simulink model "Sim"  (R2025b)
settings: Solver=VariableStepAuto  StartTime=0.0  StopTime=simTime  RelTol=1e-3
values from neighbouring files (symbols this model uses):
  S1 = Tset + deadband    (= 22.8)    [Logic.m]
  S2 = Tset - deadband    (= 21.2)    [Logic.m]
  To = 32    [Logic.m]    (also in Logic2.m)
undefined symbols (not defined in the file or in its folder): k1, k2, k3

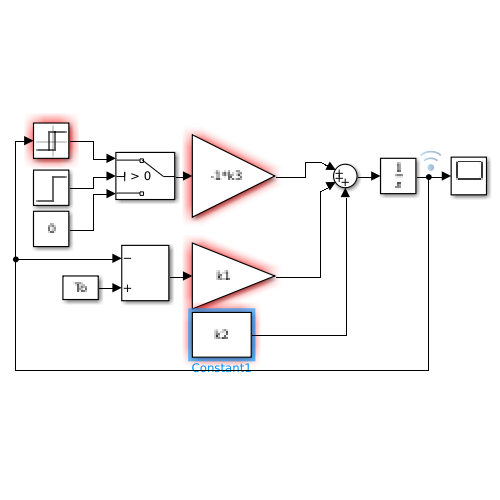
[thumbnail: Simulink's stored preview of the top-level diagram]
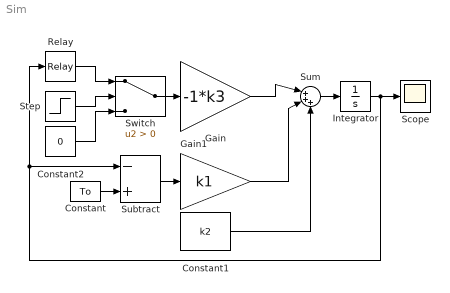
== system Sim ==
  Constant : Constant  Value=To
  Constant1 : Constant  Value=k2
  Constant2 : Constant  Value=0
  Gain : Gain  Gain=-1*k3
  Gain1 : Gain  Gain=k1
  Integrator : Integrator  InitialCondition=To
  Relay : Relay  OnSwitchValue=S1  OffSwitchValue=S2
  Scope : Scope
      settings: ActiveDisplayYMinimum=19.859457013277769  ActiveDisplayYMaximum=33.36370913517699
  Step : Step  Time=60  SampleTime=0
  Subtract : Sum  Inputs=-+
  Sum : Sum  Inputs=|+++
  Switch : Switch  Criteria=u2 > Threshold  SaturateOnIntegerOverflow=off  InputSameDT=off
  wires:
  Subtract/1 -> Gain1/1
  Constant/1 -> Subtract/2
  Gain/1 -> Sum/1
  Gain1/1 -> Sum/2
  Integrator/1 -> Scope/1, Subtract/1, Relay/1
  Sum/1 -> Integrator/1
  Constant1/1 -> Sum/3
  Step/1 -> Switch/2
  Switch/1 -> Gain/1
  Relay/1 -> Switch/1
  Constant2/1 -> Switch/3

◆ Assignment
Copy, without any change, the run of lines from the one with "Constant/1 -> Subtract/2" through the end of the entries above.

◆ Completed task
  Constant/1 -> Subtract/2
  Gain/1 -> Sum/1
  Gain1/1 -> Sum/2
  Integrator/1 -> Scope/1, Subtract/1, Relay/1
  Sum/1 -> Integrator/1
  Constant1/1 -> Sum/3
  Step/1 -> Switch/2
  Switch/1 -> Gain/1
  Relay/1 -> Switch/1
  Constant2/1 -> Switch/3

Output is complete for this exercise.